I cracked one to see how it is travelling. 
This beer is awesome.
It has a really nice balance in flavour and isn't that far different from the weihenstephaner weizen.
The ESB/wpl300 combo is a really good example of a wheat beer for other beginner home brewers out there who want to try a wheat beer.
Thanks for the recommendation guys. 
I might try the same brew again but with some Hersbrucker or Hallertau and maybe some water soaked in wheat to taste the difference.
Cheers :beer:


----------



## Bremmario (8/6/09)

Any luck getting a beer that tastes anywhere near as awesome as schofferhoffer?

A schofferhofferesque brew is my ultimate goal!


----------



## brocky_555 (9/6/09)

Hey there fellas,

I love a good wheat and my first ever home brew was a wheat it came out fantastic.

It was :

1 Can Morgans Golden sheaf Wheat kit 
1 Can Thomas coopers Malt extract - Wheat blend 
1 Teabag of hops (Hallertau or tet not sure )
Yeast : WB06 Brewed at 20 C

This brew turned out amazing and i will do this one again soon. The good thing about doing wheat beers is they only have to spend 2 weeks in the botlle and dont get much better with age so the are good to boost stocks while you let the other styles age.
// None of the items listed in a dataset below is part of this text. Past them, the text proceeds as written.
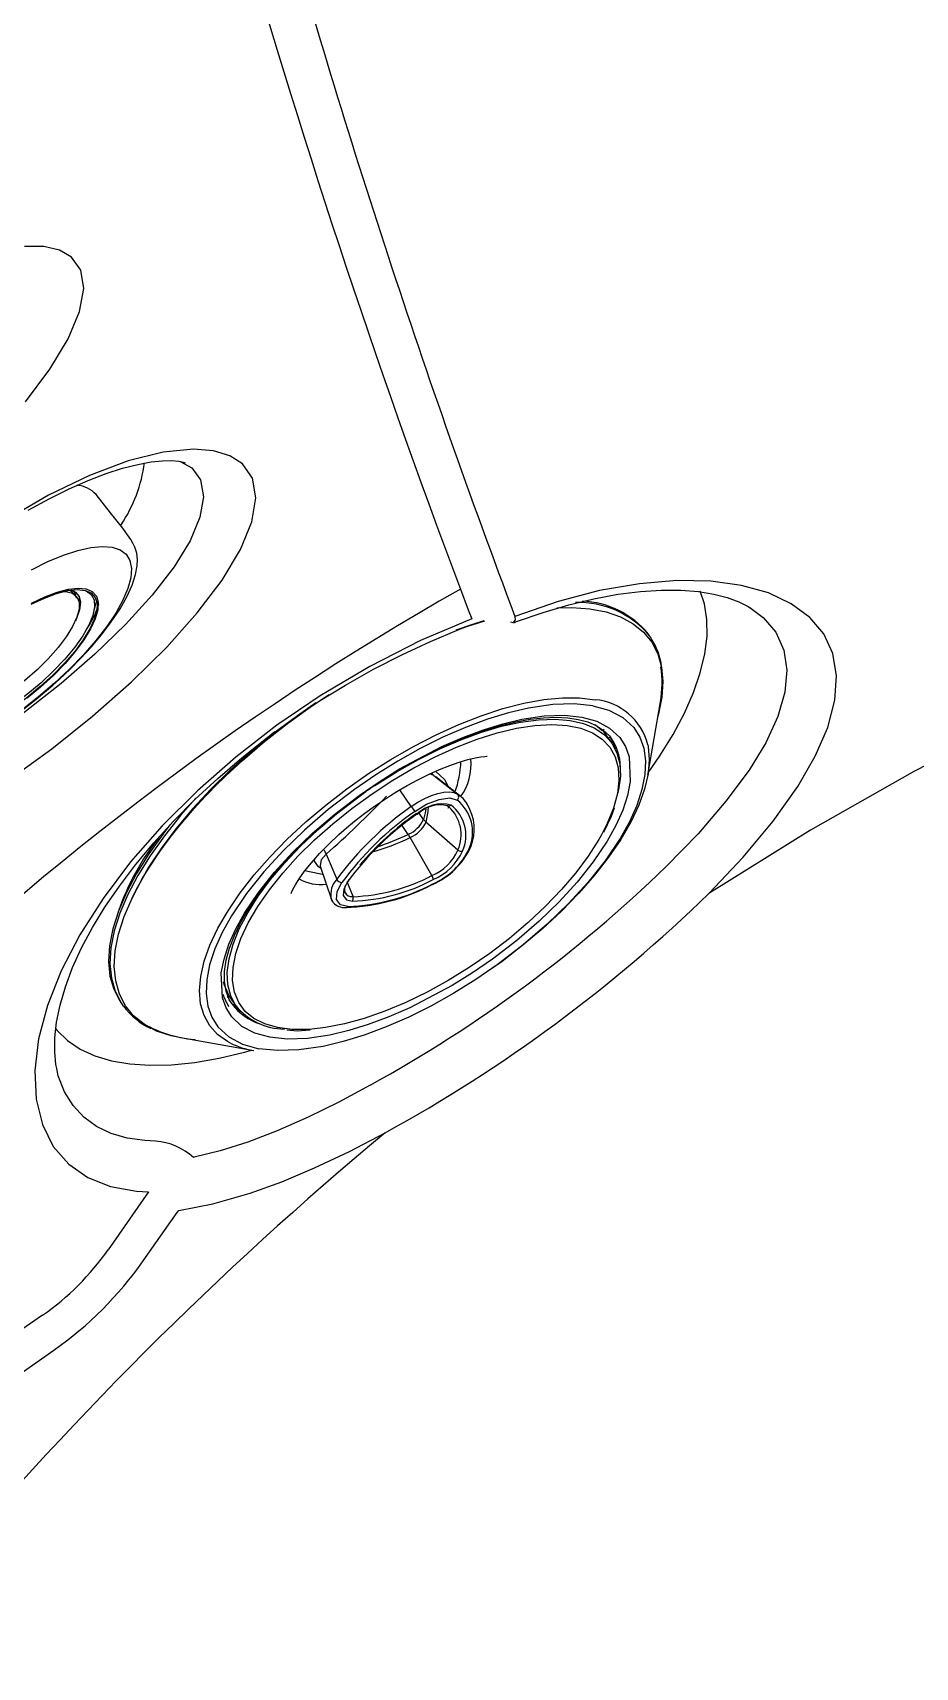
# Model space of a CAD drawing. Extents: x 527 to 611, y 788 to 934.
# Drawn here: x 542.11 to 546.65, y 870.37 to 878.79 of the extents above; entities that cross this region are included whole.
import ezdxf

# ---------------------------------------------------------------- set-up
doc = ezdxf.new("R2010")
doc.units = 0
doc.header["$MEASUREMENT"] = 0
for name, color, linetype in [('1', 4, 'Continuous'), ('BDIM_GREEN', 3, 'Continuous'), ('BDIM_YELLOW', 2, 'Continuous')]:
    doc.layers.add(name, color=color, linetype=linetype)

# ---------------------------------------------------------------- blocks, each defined once
blk = doc.blocks.new('2018 FLAIR')
at = {"layer": '1', "linetype": 'Continuous', "lineweight": 25}
for p, q in [((17.697, 72.4024), (17.6884, 72.3913)), ((17.6956, 72.4195), (17.697, 72.4024)), ((15.8073, 69.4553), (15.5997, 69.1574)), ((15.7804, 69.0997), (15.9554, 69.3492)), ((15.9554, 69.3492), (15.9634, 69.36)), ((15.0708, 68.4647), (15.3202, 68.6396))]:
    blk.add_line(p, q, dxfattribs=at)
at = {"layer": '1', "linetype": 'Continuous', "lineweight": 25, "flags": 128}
for points in [[(15.1743, 73.5249), (15.3006, 73.6948), (15.394, 73.851), (15.4528, 73.9908), (15.4744, 74.1092), (15.4595, 74.2047), (15.4114, 74.2715), (15.3497, 74.3069), (15.2685, 74.3255), (15.17, 74.3266)], [(15.0932, 71.5813), (15.3096, 71.7383), (15.5204, 71.9068), (15.7202, 72.0832), (15.9018, 72.2618), (16.0591, 72.438), (16.1876, 72.6077), (16.2817, 72.765), (16.3401, 72.9077), (16.3603, 73.0303), (16.3431, 73.1317), (16.2922, 73.2054), (16.2274, 73.2473), (16.1428, 73.273), (16.0404, 73.2815), (15.883, 73.2661), (15.7031, 73.2213), (15.5035, 73.1467), (15.2922, 73.0445), (15.0739, 72.9163)], [(27.6466, 73.3073), (26.8987, 73.3415), (26.1445, 73.3367), (25.4011, 73.2938), (24.6528, 73.2123), (24.0025, 73.11), (23.349, 72.9773), (22.7068, 72.8171), (22.0628, 72.6221), (21.4229, 72.3931), (20.8595, 72.1619), (20.3026, 71.905), (19.7528, 71.6228), (19.2169, 71.3188), (18.6946, 70.9926)], [(15.1887, 72.9667), (15.2956, 73.0256), (15.3993, 73.0771), (15.4979, 73.1208), (15.5901, 73.1562), (15.6744, 73.1834), (15.7524, 73.2034), (15.8215, 73.2161), (15.8806, 73.2223), (15.9284, 73.223), (15.9637, 73.2197), (15.9861, 73.2148), (15.9962, 73.2111), (15.9961, 73.2112), (15.9961, 73.2112)], [(15.971, 73.2181), (16.0314, 73.186), (16.0758, 73.123), (16.0909, 73.0364), (16.0731, 72.9316), (16.0218, 72.8095), (15.9394, 72.6751), (15.8269, 72.5299), (15.6896, 72.3793), (15.5314, 72.2262), (15.358, 72.075), (15.1753, 71.9298), (14.9883, 71.794), (14.8037, 71.6727), (14.6247, 71.5679), (14.4581, 71.4844), (14.3054, 71.4235), (14.172, 71.3882), (14.0595, 71.3791), (13.9706, 71.3978), (13.9082, 71.4437), (13.9082, 71.4437)], [(18.6946, 70.9926), (18.8715, 71.1801), (19.0251, 71.3649), (19.1517, 71.5432), (19.242, 71.6996), (19.3066, 71.8486), (19.3436, 71.9879), (19.352, 72.1137), (19.3327, 72.2285), (19.2861, 72.3301), (19.2148, 72.415), (19.119, 72.4858), (19.0006, 72.541), (18.8617, 72.5795), (18.7037, 72.6009), (18.5298, 72.6045), (18.3368, 72.5887), (18.1316, 72.5529), (17.9181, 72.497), (17.6956, 72.4195)], [(17.4143, 72.5608), (17.4552, 72.4535), (17.4729, 72.4073)], [(17.69, 72.3878), (17.7035, 72.3931), (17.8403, 72.4405), (17.9738, 72.4799), (18.1026, 72.5111), (18.2257, 72.5341), (18.342, 72.5489), (18.4504, 72.5558), (18.5502, 72.5553), (18.6403, 72.548), (18.7196, 72.5351), (18.7892, 72.5171), (18.8483, 72.4953), (18.8966, 72.4708), (18.9041, 72.4657)], [(18.3818, 71.615), (18.4414, 71.7011), (18.5103, 71.8126), (18.5683, 71.9216), (18.6151, 72.0274), (18.6502, 72.1294), (18.6735, 72.2267), (18.6849, 72.3187), (18.6841, 72.4047), (18.6712, 72.4842), (18.649, 72.5506)], [(18.9044, 72.466), (18.9746, 72.4149), (19.0391, 72.3384), (19.0804, 72.2466), (19.096, 72.143), (19.086, 72.0296), (19.0492, 71.9038), (18.9869, 71.7694), (18.9011, 71.6285), (18.7819, 71.4675), (18.6386, 71.3006), (18.4746, 71.1314)], [(17.4729, 72.4073), (17.2097, 72.2957), (16.9474, 72.1628), (16.6923, 72.0113), (16.4697, 71.859), (16.2575, 71.6945), (16.0598, 71.521), (15.879, 71.3407), (15.716, 71.1549), (15.574, 70.9674), (15.4546, 70.7801), (15.3585, 70.5948), (15.2874, 70.4153), (15.2422, 70.2432), (15.2228, 70.0812), (15.2293, 69.9332), (15.2614, 69.8027), (15.3178, 69.6899), (15.3972, 69.5977), (15.4949, 69.5298), (15.6119, 69.4833), (15.746, 69.4589), (15.8073, 69.4553)], [(15.3361, 70.0913), (15.3313, 70.1113), (15.3247, 70.1761), (15.3256, 70.2492), (15.3347, 70.3301), (15.3527, 70.418), (15.38, 70.5119), (15.4169, 70.6107), (15.4634, 70.713), (15.5194, 70.8177), (15.5838, 70.9229), (15.6578, 71.0308), (15.7417, 71.1411), (15.835, 71.2528), (15.9371, 71.3649), (16.0474, 71.4762), (16.1649, 71.5856), (16.2884, 71.6918), (16.417, 71.7938), (16.5494, 71.8907), (16.6843, 71.9815), (16.8226, 72.0667), (16.9664, 72.1475), (17.1127, 72.2224), (17.26, 72.2911), (17.4069, 72.353), (17.451, 72.3697)], [(17.6731, 72.3914), (17.6848, 72.3891), (17.686, 72.3889)], [(15.3286, 70.2971), (15.3369, 70.287), (15.3908, 70.2346), (15.4557, 70.1908), (15.5311, 70.156), (15.6166, 70.1304), (15.7115, 70.1142), (15.8152, 70.1075), (15.927, 70.1103), (16.046, 70.1227), (16.1714, 70.1445), (16.3024, 70.1756), (16.3379, 70.1854)], [(15.8446, 69.7172), (15.7891, 69.7192), (15.698, 69.7317), (15.6153, 69.7556), (15.5396, 69.7921), (15.4742, 69.8403), (15.4192, 69.9003), (15.3757, 69.9709), (15.3432, 70.054), (15.3353, 70.0911)], [(16.9499, 70.0051), (16.788, 69.9181), (16.6299, 69.84), (16.4714, 69.7698), (16.3193, 69.7112), (16.1777, 69.6661), (16.0432, 69.6335), (16.0396, 69.6328)], [(15.9634, 69.36), (16.1395, 69.3935), (16.3323, 69.449), (16.4941, 69.5078), (16.6625, 69.5787), (16.8426, 69.6639), (17.0272, 69.7602)], [(15.2625, 68.8203), (15.0709, 68.6878), (14.9646, 68.6127)]]:
    blk.add_lwpolyline(points, dxfattribs=at)
at = {"layer": '1', "linetype": 'Continuous', "lineweight": 25}
for centre, radius, start, end in [((60.0313, 88.3705), 45.2409, 195.66123, 200.64509), ((59.5829, 88.4354), 45.0576, 195.85456, 200.62908), ((15.0588, 73.3031), 0.7338, 325.98138, 352.86437), ((24.7016, 59.7177), 14.7666, 119.57089, 150.42536), ((13.5092, 76.2583), 7.1372, 298.82095, 314.0832), ((13.3206, 76.5193), 7.7087, 298.73952, 314.19741), ((28.7644, 55.6547), 18.3501, 129.76403, 140.23267), ((15.8182, 69.3885), 0.3297, 47.80737, 85.40344), ((14.5042, 69.9159), 1.3325, 304.68811, 325.30232), ((14.2396, 70.1806), 1.8821, 305.04201, 324.95274)]:
    blk.add_arc(centre, radius, start, end, dxfattribs=at)
at = {"layer": 'BDIM_GREEN', "linetype": 'Continuous', "lineweight": 25}
for p, q in [((15.5244, 72.4361), (15.5383, 72.4894)), ((18.3888, 72.3207), (18.3818, 72.3307)), ((18.3796, 71.6022), (18.4446, 71.9795)), ((18.1089, 71.8641), (18.1455, 71.8327)), ((18.1455, 71.8327), (18.1552, 71.8396)), ((18.1939, 71.7682), (18.1477, 71.8343)), ((18.1866, 71.7981), (18.1775, 71.7917)), ((17.277, 71.6007), (17.3994, 71.504)), ((17.4111, 71.4955), (17.2879, 71.5928)), ((17.3994, 71.504), (17.4111, 71.4955)), ((17.3443, 71.4472), (17.3549, 71.4395)), ((17.4021, 71.2158), (17.2373, 71.3602)), ((17.2681, 71.0852), (17.1564, 71.2813)), ((16.7226, 71.1948), (16.7775, 71.0657)), ((17.4688, 71.2345), (17.4684, 71.2333)), ((16.6929, 71.1334), (16.748, 70.9663)), ((15.7227, 70.9681), (15.7168, 70.9552)), ((15.6653, 70.4308), (15.6723, 70.4208)), ((15.6723, 70.4208), (15.6782, 70.4126)), ((16.2131, 70.4592), (16.2228, 70.4661)), ((16.2223, 70.4657), (16.2582, 70.4143)), ((16.2385, 70.4218), (16.2354, 70.4264)), ((16.252, 70.4231), (16.2446, 70.4178)), ((15.9737, 70.2514), (16.3504, 70.1829))]:
    blk.add_line(p, q, dxfattribs=at)
at = {"layer": 'BDIM_GREEN', "linetype": 'Continuous', "lineweight": 25, "flags": 128}
for points in [[(15.2301, 71.9935), (15.3161, 72.066), (15.3497, 72.0963), (15.4041, 72.1477), (15.4584, 72.2026), (15.513, 72.2621), (15.5665, 72.3257), (15.6163, 72.3914), (15.6618, 72.4598), (15.6967, 72.5215), (15.7237, 72.5809), (15.7414, 72.6353), (15.7497, 72.6802), (15.7511, 72.7129), (15.7474, 72.7459), (15.7378, 72.7775), (15.728, 72.7981), (15.7176, 72.8156), (15.7088, 72.8289), (15.692, 72.852), (15.675, 72.8743), (15.6467, 72.9105), (15.6129, 72.9535), (15.5388, 73.0474)], [(15.2062, 72.6606), (15.2899, 72.7023), (15.3694, 72.7357), (15.4435, 72.7601), (15.5109, 72.7753), (15.5704, 72.7809), (15.6211, 72.7768), (15.6619, 72.7631), (15.6924, 72.7401), (15.7118, 72.7081), (15.7199, 72.6677), (15.7166, 72.6195), (15.7019, 72.5645), (15.676, 72.5035), (15.6395, 72.4376), (15.5929, 72.3678), (15.537, 72.2955), (15.4728, 72.2219), (15.4013, 72.1481), (15.3239, 72.0755), (15.2418, 72.0053), (15.1565, 71.9387)], [(15.2046, 72.4888), (15.2734, 72.5215), (15.3376, 72.5457), (15.3955, 72.5607), (15.4458, 72.5661), (15.4872, 72.5619), (15.5187, 72.5482), (15.5395, 72.5252), (15.5492, 72.4936), (15.5473, 72.4541), (15.5341, 72.4077), (15.5099, 72.3555), (15.4752, 72.2989), (15.4308, 72.2391), (15.378, 72.1778), (15.3179, 72.1164), (15.2521, 72.0564), (15.1822, 71.9993)], [(15.2039, 72.4824), (15.2716, 72.5146), (15.3347, 72.5384), (15.3918, 72.5531), (15.4412, 72.5585), (15.482, 72.5544), (15.513, 72.5408), (15.5335, 72.5182), (15.5429, 72.4871), (15.5412, 72.4482), (15.5282, 72.4025), (15.5043, 72.3512), (15.4701, 72.2955), (15.4265, 72.2367), (15.3745, 72.1763), (15.3154, 72.1159), (15.2506, 72.0568), (15.1818, 72.0006)], [(15.4795, 72.555), (15.4874, 72.5518), (15.513, 72.533), (15.5273, 72.505), (15.5301, 72.4687), (15.5211, 72.4249), (15.5007, 72.3748), (15.4694, 72.3197), (15.428, 72.261), (15.3775, 72.2002), (15.3193, 72.139), (15.2549, 72.0788), (15.186, 72.0212), (15.1142, 71.9678), (15.0416, 71.9199), (14.9699, 71.8788), (14.9011, 71.8455), (14.8368, 71.8209), (14.7789, 71.8056), (14.7287, 71.8001)], [(15.3738, 72.5493), (15.383, 72.5486), (15.4162, 72.5395), (15.4389, 72.5211), (15.4505, 72.4937), (15.4507, 72.4583), (15.4394, 72.4159), (15.4171, 72.3676), (15.3842, 72.3149), (15.3419, 72.2592), (15.2913, 72.2022), (15.2338, 72.1455), (15.1711, 72.0908), (15.105, 72.0396), (15.0375, 71.9933), (14.9704, 71.9534), (14.9057, 71.921), (14.8452, 71.8969), (14.7907, 71.882), (14.7438, 71.8766)], [(15.4151, 72.5555), (15.4323, 72.5458), (15.4502, 72.5235), (15.4571, 72.4928), (15.453, 72.4547), (15.4378, 72.4101), (15.4312, 72.3958)], [(15.4197, 72.5535), (15.4228, 72.5497), (15.432, 72.532)], [(15.449, 72.526), (15.4504, 72.513), (15.4499, 72.4967)], [(15.5399, 72.4361), (15.5306, 72.4074), (15.5064, 72.3555), (15.4719, 72.2992), (15.4279, 72.2399), (15.3753, 72.1789), (15.3156, 72.1179), (15.2502, 72.0582), (15.1807, 72.0014), (15.1088, 71.9489), (15.0363, 71.902), (14.965, 71.8618), (14.8966, 71.8292), (14.8329, 71.8053), (14.7753, 71.7904), (14.7318, 71.7851)], [(15.5408, 72.4995), (15.5387, 72.4907), (15.5383, 72.4894)], [(17.9118, 72.4649), (17.9882, 72.4661), (18.0812, 72.4592), (18.1653, 72.4429), (18.2399, 72.4172), (18.3043, 72.3824), (18.358, 72.3389), (18.4004, 72.2869), (18.4313, 72.2269), (18.4503, 72.1594), (18.4574, 72.0851), (18.4524, 72.0044), (18.4353, 71.9182), (18.4317, 71.9046)], [(17.5358, 72.397), (17.4723, 72.3775), (17.3904, 72.3493)], [(17.4022, 72.3529), (17.4206, 72.3594), (17.5404, 72.3979)], [(18.3975, 72.3076), (18.3943, 72.3125), (18.3888, 72.3207)], [(16.0485, 70.2378), (16.0081, 70.242), (15.9239, 70.2584), (15.8494, 70.284), (15.785, 70.3188), (15.7313, 70.3624), (15.6889, 70.4144), (15.658, 70.4744), (15.639, 70.5418), (15.6319, 70.6162), (15.6369, 70.6968), (15.654, 70.783), (15.6828, 70.8741), (15.7233, 70.9692), (15.7751, 71.0675), (15.8377, 71.1683), (15.9106, 71.2707), (15.9932, 71.3737), (16.0847, 71.4765), (16.1845, 71.5783), (16.2915, 71.6781), (16.405, 71.7751), (16.524, 71.8685), (16.6474, 71.9575), (16.7382, 72.0182)], [(14.1348, 71.9163), (14.1496, 71.8982), (14.253, 71.7726), (14.2796, 71.7407), (14.2994, 71.7177), (14.318, 71.6974), (14.3324, 71.6833), (14.3515, 71.6676), (14.378, 71.6515), (14.4172, 71.6374), (14.4608, 71.631), (14.5114, 71.6315), (14.5703, 71.6398), (14.6424, 71.6578), (14.7123, 71.6818), (14.7934, 71.7162), (14.8694, 71.7537), (14.9533, 71.8006), (15.0295, 71.8479), (15.091, 71.8892), (15.1413, 71.9252), (15.2301, 71.9935)], [(16.6704, 71.9743), (16.5761, 71.9081), (16.4553, 71.8167), (16.3396, 71.7213), (16.2298, 71.6228), (16.127, 71.5219), (16.0321, 71.4197), (15.9457, 71.3168), (15.8687, 71.2142), (15.8017, 71.1129), (15.7453, 71.0136), (15.7168, 70.9552)], [(18.0967, 71.96), (18.0008, 71.97), (17.8901, 71.9664), (17.7656, 71.9481), (17.6619, 71.9236), (17.554, 71.8905), (17.4404, 71.8481), (17.3246, 71.7975), (17.2079, 71.7392), (17.0915, 71.6739), (16.979, 71.6037), (16.8692, 71.5282), (16.7342, 71.425), (16.6109, 71.319), (16.5008, 71.2126), (16.4016, 71.1041), (16.3123, 70.9918), (16.2358, 70.8778), (16.1875, 70.7909), (16.1499, 70.7069), (16.123, 70.6251), (16.1079, 70.548), (16.1048, 70.4765), (16.1137, 70.4115), (16.1341, 70.3546), (16.1656, 70.3051), (16.2219, 70.2533), (16.2929, 70.2161), (16.376, 70.193)], [(18.0967, 71.96), (18.1798, 71.9369), (18.2508, 71.8997), (18.307, 71.8479), (18.3386, 71.7984), (18.3589, 71.7416), (18.3679, 71.6765), (18.3648, 71.6051), (18.3497, 71.528), (18.3228, 71.4461), (18.2852, 71.3621), (18.2369, 71.2752), (18.1604, 71.1612), (18.0711, 71.049), (17.9719, 70.9405), (17.8617, 70.834), (17.7385, 70.728), (17.6035, 70.6248), (17.4937, 70.5493), (17.3812, 70.4792), (17.2648, 70.4139), (17.1481, 70.3556), (17.0323, 70.305), (16.9187, 70.2626), (16.8107, 70.2295), (16.7071, 70.205), (16.5825, 70.1866), (16.4718, 70.183), (16.376, 70.193)], [(16.4333, 70.2518), (16.3557, 70.2734), (16.2894, 70.3081), (16.2369, 70.3565), (16.2074, 70.4027), (16.1885, 70.4558), (16.183, 70.5832), (16.1971, 70.6551), (16.2222, 70.7315), (16.2573, 70.8099), (16.3024, 70.891), (16.3738, 70.9974), (16.4572, 71.1022), (16.5498, 71.2035), (16.6526, 71.3029), (16.7676, 71.4018), (16.8936, 71.4982), (16.9961, 71.5686), (17.1012, 71.6341), (17.3187, 71.7495), (17.4268, 71.7967), (17.5328, 71.8363), (17.6336, 71.8672), (17.7303, 71.89), (17.8466, 71.9072), (17.9499, 71.9105), (18.0394, 71.9012)], [(18.0394, 71.9012), (18.117, 71.8796), (18.1832, 71.8449), (18.2358, 71.7966), (18.2652, 71.7504), (18.2842, 71.6973), (18.2897, 71.5699), (18.2756, 71.4979), (18.2504, 71.4215), (18.2154, 71.3431), (18.1703, 71.262), (18.0988, 71.1556), (18.0155, 71.0508), (17.9229, 70.9495), (17.8201, 70.8502), (17.7051, 70.7512), (17.5791, 70.6549), (17.4765, 70.5844), (17.3715, 70.519), (17.1539, 70.4036), (17.0459, 70.3564), (16.9399, 70.3168), (16.8391, 70.2859), (16.7424, 70.263), (16.6261, 70.2459), (16.5227, 70.2425), (16.4333, 70.2518)], [(17.1972, 71.6831), (17.2209, 71.696), (17.2995, 71.7354), (17.3804, 71.7721), (17.4621, 71.8052), (17.5433, 71.834), (17.6229, 71.858), (17.7, 71.8767), (17.7737, 71.8901), (17.8432, 71.8981), (17.9081, 71.9005), (17.9678, 71.8976), (18.0219, 71.8895), (18.0703, 71.8763), (18.1131, 71.8581), (18.1502, 71.8344), (18.182, 71.8042), (18.1937, 71.7867)], [(16.4594, 71.8255), (16.4544, 71.8215), (16.3397, 71.727), (16.231, 71.6294), (16.1291, 71.5295), (16.035, 71.4282), (15.9495, 71.3263), (15.8732, 71.2247), (15.8068, 71.1243), (15.751, 71.0259), (15.7227, 70.9681)], [(18.3794, 71.7591), (18.3813, 71.7496), (18.387, 71.6824), (18.3808, 71.6091), (18.3628, 71.5304), (18.3331, 71.4472), (18.2922, 71.3603), (18.2403, 71.2706), (18.178, 71.179), (18.106, 71.0865), (18.025, 70.994), (17.9359, 70.9024), (17.8394, 70.8127), (17.7368, 70.7259), (17.6289, 70.6427), (17.5701, 70.6006)], [(18.2125, 71.7365), (18.2013, 71.7692), (18.1866, 71.7981)], [(18.1914, 71.7717), (18.1942, 71.7678), (18.2206, 71.7178), (18.2354, 71.6603), (18.2384, 71.5963), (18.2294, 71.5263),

I think this beer tasted like Maisel weisse and it was kristall clear as long as you didn't disturb the sediment.


----------



## GregVR (11/6/09)

brocky_555 said:


> Hey there fellas,
> 
> I love a good wheat and my first ever home brew was a wheat it came out fantastic.
> 
> ...




That sounds excellent: a) I've been looking for a simple wheat recipe and B) my stocks are low while I wait for my previous brew.

Cheers
Greg


----------



## bullsneck (11/6/09)

Red Hill do a nice wheat beer.

I re-started a yeast from a bottle of it, with muntons wheat, wheat extract and some saaz and tet.

Soo good. The aroma of apricots was unreal.

Bit over-carbed tho.


----------